- RECORDS SUPPLIED -
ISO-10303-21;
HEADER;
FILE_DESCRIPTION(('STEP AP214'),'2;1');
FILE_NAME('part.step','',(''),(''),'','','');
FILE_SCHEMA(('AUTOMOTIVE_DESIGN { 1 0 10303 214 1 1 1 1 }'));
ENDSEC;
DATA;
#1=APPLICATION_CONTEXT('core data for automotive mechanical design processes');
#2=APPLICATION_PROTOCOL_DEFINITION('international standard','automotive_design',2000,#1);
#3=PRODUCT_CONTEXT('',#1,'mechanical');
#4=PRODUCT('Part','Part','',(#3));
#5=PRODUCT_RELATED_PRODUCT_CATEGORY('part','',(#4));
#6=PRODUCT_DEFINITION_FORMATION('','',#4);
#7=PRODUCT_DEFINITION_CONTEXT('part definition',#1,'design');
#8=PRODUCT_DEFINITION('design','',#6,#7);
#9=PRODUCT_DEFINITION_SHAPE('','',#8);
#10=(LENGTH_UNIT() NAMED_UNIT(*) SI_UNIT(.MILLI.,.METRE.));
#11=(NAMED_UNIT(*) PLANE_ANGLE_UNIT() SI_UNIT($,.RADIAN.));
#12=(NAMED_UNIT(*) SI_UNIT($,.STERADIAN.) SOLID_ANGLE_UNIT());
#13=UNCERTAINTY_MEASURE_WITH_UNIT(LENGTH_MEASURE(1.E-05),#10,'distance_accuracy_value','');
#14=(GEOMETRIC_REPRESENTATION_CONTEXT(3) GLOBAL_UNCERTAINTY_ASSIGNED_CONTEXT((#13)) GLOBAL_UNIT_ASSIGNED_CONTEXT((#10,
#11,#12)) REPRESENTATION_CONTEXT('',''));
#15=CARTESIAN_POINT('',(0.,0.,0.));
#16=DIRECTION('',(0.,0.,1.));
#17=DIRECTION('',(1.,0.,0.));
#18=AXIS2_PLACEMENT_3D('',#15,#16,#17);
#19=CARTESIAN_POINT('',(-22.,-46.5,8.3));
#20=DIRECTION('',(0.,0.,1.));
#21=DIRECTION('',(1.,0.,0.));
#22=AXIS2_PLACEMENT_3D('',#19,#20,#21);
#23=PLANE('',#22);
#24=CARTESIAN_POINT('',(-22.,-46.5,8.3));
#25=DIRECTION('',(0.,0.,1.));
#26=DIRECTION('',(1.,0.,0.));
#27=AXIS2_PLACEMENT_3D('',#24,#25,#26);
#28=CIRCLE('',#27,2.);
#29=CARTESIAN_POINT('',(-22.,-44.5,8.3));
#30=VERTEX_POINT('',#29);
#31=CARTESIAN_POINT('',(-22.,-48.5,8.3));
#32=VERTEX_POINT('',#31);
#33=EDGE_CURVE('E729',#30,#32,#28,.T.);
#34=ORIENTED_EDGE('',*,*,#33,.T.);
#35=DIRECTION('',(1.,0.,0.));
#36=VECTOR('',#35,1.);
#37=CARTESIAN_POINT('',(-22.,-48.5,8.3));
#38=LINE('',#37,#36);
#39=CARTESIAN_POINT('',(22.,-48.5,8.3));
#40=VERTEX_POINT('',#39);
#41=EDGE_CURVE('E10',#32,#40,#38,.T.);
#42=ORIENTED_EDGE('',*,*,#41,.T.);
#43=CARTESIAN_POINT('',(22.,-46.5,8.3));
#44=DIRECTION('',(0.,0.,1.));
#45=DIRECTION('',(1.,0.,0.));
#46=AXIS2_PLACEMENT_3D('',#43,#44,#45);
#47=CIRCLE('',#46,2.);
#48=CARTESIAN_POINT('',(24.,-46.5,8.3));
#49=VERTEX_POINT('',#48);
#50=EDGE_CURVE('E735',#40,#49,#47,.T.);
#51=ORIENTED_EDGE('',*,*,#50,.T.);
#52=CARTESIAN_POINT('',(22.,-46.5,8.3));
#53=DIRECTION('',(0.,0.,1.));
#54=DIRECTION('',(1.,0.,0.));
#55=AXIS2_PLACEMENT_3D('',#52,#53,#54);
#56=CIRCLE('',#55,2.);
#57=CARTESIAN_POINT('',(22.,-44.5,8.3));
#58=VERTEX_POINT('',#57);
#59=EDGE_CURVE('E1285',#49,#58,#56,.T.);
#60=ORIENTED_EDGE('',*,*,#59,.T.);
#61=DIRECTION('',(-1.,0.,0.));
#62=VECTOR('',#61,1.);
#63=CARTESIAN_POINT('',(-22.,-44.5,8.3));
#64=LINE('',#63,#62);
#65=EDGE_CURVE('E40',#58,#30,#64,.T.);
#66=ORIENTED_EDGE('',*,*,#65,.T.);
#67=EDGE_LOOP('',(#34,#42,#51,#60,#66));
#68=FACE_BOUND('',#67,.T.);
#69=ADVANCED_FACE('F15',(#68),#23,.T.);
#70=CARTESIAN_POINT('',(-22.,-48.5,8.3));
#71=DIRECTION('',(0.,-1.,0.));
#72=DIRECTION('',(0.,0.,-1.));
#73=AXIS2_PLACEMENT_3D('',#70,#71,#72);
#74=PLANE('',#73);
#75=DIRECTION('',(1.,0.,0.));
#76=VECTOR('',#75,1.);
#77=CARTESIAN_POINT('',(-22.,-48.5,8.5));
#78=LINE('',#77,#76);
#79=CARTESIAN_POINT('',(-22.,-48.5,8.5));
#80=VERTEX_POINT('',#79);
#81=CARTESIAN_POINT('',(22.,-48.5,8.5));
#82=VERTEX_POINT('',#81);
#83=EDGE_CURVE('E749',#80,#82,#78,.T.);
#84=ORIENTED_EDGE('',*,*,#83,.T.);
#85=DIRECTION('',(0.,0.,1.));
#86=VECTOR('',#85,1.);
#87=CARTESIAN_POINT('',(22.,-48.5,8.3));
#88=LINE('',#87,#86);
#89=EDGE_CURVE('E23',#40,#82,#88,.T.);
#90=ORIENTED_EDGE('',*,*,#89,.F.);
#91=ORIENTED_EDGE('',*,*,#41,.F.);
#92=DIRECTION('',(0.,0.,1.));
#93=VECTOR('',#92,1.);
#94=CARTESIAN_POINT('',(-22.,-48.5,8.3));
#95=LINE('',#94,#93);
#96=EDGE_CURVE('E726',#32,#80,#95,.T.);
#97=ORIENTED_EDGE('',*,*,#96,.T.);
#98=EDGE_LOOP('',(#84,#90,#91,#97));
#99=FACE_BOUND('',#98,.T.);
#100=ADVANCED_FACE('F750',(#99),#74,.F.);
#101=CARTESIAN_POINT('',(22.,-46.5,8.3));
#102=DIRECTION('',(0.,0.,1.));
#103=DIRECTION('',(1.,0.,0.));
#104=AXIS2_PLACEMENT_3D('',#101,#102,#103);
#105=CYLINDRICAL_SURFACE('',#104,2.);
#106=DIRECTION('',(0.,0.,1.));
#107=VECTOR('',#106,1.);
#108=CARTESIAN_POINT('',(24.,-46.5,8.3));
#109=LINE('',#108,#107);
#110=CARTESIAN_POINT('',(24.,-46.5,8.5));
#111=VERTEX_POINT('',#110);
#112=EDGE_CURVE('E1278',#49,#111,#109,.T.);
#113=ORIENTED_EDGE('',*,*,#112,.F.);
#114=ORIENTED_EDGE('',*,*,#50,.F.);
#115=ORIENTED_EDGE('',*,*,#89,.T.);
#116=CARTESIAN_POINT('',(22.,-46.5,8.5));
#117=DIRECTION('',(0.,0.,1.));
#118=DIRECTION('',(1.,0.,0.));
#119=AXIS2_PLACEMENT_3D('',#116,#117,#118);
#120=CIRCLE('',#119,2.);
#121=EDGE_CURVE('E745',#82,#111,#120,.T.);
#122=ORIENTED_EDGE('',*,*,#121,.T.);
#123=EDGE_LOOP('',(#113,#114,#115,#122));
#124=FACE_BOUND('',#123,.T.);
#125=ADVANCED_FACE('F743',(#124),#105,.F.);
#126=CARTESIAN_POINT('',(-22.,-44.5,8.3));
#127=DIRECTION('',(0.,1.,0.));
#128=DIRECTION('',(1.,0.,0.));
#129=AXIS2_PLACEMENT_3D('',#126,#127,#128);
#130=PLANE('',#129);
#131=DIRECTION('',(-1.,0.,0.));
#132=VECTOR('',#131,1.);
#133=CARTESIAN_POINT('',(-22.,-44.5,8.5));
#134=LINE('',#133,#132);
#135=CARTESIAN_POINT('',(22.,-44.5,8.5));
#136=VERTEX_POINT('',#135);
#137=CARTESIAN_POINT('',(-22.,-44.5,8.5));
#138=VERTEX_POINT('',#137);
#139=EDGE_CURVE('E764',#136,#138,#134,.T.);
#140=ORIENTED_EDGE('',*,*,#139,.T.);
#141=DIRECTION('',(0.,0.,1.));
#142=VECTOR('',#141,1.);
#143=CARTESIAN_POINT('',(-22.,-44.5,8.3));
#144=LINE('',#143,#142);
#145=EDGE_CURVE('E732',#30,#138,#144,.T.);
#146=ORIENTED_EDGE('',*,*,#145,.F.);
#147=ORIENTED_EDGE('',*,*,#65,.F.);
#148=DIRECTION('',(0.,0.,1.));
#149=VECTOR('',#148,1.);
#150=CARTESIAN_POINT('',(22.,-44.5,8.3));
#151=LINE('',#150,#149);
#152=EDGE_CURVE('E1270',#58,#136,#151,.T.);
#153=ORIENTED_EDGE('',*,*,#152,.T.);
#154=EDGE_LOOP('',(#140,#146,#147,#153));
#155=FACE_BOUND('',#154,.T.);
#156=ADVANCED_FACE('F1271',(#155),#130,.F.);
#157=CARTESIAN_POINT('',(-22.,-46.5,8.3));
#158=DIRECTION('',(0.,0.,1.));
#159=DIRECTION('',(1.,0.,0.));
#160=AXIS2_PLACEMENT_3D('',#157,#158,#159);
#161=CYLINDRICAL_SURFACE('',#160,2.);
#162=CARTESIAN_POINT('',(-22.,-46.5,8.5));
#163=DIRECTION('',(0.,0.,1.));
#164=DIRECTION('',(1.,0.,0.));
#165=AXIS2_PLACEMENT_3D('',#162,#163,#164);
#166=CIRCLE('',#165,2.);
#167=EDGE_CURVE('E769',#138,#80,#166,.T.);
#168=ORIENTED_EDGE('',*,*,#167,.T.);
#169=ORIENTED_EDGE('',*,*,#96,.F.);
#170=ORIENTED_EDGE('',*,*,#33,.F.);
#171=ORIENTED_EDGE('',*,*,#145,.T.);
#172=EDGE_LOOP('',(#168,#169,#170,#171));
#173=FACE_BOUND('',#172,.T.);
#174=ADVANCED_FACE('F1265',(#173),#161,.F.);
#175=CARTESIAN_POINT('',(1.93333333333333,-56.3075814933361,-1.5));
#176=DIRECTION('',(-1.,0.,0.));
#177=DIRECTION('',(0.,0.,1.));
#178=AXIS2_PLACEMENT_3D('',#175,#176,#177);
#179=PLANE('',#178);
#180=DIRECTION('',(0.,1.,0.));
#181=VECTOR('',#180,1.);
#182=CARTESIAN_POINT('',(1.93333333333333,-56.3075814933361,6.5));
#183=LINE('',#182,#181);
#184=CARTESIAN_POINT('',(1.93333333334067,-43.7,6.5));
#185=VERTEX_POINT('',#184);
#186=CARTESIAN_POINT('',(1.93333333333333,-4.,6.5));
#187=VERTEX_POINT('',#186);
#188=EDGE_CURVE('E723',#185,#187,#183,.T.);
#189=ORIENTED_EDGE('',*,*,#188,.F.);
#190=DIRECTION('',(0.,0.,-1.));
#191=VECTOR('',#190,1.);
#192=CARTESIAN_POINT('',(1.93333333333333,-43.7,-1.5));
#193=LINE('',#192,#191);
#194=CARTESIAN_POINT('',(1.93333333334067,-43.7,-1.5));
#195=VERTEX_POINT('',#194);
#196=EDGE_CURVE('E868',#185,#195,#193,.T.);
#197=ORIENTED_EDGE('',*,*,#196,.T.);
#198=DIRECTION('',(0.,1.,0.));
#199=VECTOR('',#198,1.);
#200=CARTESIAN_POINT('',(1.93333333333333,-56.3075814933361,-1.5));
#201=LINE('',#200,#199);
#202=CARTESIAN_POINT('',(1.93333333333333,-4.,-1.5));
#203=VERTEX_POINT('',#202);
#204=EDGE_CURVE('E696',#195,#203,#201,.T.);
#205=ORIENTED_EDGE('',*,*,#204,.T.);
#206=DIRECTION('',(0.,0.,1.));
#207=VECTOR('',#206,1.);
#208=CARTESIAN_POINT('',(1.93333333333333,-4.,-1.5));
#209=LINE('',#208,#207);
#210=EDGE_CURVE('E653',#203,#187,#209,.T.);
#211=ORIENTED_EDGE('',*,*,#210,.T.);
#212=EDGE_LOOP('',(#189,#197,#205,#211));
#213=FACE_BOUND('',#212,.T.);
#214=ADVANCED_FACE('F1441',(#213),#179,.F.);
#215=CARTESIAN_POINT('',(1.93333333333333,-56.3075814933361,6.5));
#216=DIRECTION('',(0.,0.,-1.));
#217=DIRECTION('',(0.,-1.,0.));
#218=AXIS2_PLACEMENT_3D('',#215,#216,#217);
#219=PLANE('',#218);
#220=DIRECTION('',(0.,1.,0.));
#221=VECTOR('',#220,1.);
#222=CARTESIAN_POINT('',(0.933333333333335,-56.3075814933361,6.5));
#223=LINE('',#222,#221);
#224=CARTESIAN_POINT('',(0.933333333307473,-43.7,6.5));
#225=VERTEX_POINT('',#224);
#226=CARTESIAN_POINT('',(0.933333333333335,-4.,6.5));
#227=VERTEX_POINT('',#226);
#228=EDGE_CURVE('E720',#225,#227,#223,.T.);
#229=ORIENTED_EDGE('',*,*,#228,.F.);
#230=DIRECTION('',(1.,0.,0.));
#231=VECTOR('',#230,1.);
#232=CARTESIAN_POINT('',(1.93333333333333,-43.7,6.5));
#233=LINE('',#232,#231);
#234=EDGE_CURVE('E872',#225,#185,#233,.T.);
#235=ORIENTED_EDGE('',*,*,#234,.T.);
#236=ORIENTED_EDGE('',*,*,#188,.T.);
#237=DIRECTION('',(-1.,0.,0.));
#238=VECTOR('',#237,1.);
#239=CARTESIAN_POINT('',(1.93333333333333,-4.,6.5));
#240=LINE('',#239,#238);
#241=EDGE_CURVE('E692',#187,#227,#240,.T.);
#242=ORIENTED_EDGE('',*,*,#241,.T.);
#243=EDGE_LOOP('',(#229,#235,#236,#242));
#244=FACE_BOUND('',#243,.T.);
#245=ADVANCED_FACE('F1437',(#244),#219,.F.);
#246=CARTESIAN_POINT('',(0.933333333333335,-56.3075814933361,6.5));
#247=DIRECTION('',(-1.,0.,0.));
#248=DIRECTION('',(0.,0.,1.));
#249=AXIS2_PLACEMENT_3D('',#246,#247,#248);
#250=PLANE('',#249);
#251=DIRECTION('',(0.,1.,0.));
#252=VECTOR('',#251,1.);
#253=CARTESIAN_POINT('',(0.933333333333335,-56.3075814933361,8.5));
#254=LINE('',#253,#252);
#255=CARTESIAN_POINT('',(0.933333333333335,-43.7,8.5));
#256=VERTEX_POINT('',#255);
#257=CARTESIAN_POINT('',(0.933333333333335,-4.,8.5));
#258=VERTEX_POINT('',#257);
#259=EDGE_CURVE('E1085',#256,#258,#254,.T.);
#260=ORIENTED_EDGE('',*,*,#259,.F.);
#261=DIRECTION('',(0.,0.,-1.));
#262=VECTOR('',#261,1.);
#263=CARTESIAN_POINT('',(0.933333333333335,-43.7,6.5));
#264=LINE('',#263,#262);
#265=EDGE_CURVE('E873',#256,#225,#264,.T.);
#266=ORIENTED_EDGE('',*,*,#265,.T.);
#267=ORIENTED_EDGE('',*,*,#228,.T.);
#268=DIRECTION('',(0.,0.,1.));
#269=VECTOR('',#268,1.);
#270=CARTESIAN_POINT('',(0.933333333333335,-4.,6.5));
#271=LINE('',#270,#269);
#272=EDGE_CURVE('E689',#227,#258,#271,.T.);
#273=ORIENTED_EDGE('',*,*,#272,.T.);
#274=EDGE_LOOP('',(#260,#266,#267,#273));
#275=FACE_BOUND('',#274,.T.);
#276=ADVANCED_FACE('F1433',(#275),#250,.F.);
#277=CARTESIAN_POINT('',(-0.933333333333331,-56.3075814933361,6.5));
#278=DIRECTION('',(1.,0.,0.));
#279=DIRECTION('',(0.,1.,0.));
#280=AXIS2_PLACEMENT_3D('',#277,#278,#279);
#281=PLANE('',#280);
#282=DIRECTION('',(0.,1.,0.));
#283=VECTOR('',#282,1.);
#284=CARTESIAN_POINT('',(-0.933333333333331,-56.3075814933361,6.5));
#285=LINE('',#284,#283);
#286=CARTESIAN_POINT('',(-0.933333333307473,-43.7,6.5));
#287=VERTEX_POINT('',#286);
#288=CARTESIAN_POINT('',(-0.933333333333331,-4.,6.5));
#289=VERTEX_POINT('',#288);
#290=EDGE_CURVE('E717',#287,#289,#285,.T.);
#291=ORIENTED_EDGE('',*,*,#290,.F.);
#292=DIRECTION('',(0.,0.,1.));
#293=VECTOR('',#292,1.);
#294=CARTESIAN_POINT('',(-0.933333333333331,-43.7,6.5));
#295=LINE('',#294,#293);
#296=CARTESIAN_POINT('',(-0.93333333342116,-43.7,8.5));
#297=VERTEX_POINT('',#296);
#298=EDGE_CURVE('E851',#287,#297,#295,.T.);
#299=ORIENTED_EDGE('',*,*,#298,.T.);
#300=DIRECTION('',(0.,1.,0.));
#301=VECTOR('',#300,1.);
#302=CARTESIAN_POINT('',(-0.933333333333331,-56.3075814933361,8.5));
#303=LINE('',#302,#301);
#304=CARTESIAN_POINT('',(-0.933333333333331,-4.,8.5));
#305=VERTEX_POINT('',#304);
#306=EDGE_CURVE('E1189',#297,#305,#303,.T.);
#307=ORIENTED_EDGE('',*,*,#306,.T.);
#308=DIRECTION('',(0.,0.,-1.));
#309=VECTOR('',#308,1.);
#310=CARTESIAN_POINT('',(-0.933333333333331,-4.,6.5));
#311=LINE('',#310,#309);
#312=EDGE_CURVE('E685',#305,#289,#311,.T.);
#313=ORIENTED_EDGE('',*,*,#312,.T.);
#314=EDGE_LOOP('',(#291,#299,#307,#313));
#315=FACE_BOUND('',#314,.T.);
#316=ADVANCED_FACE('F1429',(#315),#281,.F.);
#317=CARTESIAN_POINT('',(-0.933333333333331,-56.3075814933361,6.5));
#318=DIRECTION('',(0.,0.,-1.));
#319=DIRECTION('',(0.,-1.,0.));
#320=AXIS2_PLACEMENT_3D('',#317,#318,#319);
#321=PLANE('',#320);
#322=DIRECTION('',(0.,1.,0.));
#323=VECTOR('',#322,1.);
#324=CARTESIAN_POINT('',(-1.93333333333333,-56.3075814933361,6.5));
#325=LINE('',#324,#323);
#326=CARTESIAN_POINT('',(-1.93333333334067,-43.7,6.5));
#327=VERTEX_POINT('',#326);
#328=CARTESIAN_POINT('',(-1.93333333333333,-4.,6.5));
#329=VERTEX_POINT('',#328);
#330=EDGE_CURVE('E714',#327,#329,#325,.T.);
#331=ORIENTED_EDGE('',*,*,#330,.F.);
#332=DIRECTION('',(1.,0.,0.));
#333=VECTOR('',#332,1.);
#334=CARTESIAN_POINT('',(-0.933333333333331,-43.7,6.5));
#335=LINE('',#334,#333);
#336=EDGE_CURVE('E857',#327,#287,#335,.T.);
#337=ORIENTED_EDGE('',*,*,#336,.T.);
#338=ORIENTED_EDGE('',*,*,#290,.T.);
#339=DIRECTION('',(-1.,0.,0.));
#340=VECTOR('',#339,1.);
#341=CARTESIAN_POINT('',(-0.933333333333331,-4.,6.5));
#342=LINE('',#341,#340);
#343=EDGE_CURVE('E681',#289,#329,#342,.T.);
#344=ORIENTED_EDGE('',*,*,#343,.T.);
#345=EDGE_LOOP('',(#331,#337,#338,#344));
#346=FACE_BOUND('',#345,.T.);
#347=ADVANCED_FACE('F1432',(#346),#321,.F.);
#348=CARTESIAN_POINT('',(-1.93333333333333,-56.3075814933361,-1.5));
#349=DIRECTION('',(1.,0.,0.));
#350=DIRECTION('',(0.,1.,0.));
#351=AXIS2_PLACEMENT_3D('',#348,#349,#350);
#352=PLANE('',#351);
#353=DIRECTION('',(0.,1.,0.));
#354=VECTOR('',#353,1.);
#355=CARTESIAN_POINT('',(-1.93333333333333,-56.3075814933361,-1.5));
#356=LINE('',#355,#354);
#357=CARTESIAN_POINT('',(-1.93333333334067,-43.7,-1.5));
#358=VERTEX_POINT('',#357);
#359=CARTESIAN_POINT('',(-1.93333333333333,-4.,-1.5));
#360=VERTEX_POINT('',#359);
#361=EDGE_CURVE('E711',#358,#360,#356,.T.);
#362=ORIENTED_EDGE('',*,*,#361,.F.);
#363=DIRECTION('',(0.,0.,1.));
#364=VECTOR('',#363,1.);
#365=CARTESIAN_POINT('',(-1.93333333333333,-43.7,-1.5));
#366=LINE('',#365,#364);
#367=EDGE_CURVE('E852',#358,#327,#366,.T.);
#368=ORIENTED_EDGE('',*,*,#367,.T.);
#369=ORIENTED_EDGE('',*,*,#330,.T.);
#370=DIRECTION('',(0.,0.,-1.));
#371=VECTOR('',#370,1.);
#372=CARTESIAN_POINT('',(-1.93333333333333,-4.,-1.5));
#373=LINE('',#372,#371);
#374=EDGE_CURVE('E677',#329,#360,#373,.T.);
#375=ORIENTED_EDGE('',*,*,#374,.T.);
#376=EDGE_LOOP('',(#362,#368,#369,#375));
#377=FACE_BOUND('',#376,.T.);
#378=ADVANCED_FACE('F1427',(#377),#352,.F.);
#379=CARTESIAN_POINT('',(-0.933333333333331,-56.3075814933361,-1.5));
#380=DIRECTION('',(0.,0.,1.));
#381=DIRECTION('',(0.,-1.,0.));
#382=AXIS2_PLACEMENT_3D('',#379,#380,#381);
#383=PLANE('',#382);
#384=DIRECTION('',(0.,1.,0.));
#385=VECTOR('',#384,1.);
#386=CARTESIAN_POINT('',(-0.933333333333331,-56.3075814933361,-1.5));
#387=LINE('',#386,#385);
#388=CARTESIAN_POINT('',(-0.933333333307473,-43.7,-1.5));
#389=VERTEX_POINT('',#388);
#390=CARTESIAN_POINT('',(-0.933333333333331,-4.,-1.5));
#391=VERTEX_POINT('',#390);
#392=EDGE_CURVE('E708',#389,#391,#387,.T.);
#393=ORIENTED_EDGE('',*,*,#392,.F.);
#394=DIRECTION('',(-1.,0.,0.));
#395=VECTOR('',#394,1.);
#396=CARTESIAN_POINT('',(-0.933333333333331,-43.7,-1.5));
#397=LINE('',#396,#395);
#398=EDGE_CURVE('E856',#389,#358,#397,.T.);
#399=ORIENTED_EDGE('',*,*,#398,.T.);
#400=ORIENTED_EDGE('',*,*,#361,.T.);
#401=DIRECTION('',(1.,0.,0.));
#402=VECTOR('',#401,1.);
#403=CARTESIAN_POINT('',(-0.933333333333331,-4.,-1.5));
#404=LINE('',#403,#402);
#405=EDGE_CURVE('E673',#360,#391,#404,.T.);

- INSTRUCTIONS TO FOLLOW -
Would you copy out exactly the lines above that start at the one containing "#281=PLANE('',#280);" and end at the one containing "#287=VERTEX_POINT('',#286);", inclusive?

- RESPONSE -
#281=PLANE('',#280);
#282=DIRECTION('',(0.,1.,0.));
#283=VECTOR('',#282,1.);
#284=CARTESIAN_POINT('',(-0.933333333333331,-56.3075814933361,6.5));
#285=LINE('',#284,#283);
#286=CARTESIAN_POINT('',(-0.933333333307473,-43.7,6.5));
#287=VERTEX_POINT('',#286);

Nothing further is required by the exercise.